Methods: Narrative synthesis of clinical studies, experimental models, and systematic reviews (2016–2025, with selective inclusion of seminal earlier works) addressing malnutrition-related diabetes, pancreatic plasticity, and low-GI dietary interventions. Literature was searched in PubMed/MEDLINE, Scopus, and Web of Science. Search terms combined: (“type 5 diabetes” OR “malnutrition-related diabetes”) AND (“beta-cell recovery” OR “pancreatic plasticity”) AND (“low glycemic index” OR “nutritional rehabilitation”).

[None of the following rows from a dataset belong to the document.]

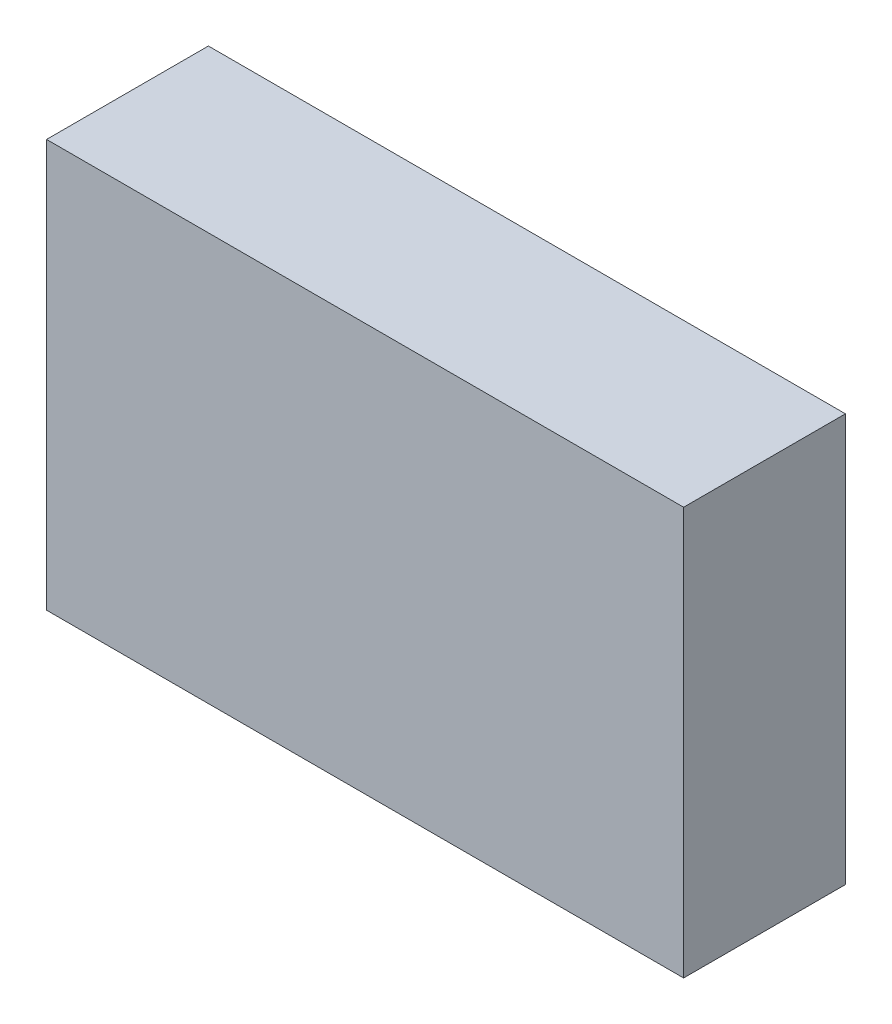
from build123d import *

# Parameters (mm, degrees)
CROQUIS1_W              = 50
CROQUIS1_H              = 32
SALIENTE_EXTRUIR1_DEPTH = 12.7


with BuildPart() as part:
    # Croquis1 → Saliente-Extruir1 (new body)
    with BuildSketch(Plane.XY):
        Rectangle(CROQUIS1_W, CROQUIS1_H)
    extrude(amount=SALIENTE_EXTRUIR1_DEPTH)


solid = part.part

Results: Three main findings emerged: (1) Chronic malnutrition induces persistent metabolic adaptations (elevated NEFA, reduced BCAA, hormonal dysregulation) that persist beyond weight restoration; (2) Pancreatic β-cells demonstrate remarkable plasticity through four mechanisms: neogenesis from progenitor cells, proliferation, transdifferentiation of α-cells, and redifferentiation of dedifferentiated cells. A critical temporal window (3–6 months in children, narrower in adults) exists for maximal recovery; (3) Low-GI dietary patterns reduce HbA1c by 0.3–0.5% and postprandial glycaemia by 20–30% in diabetes populations. Micronutrient repletion enhances β-cell recovery.
Conclusions: T5DM represents a potentially reversible diabetes phenotype when early, adequate nutritional rehabilitation is implemented. Gradual caloric reintroduction combined with micronutrient repletion and low-GI dietary patterns may optimize β-cell recovery.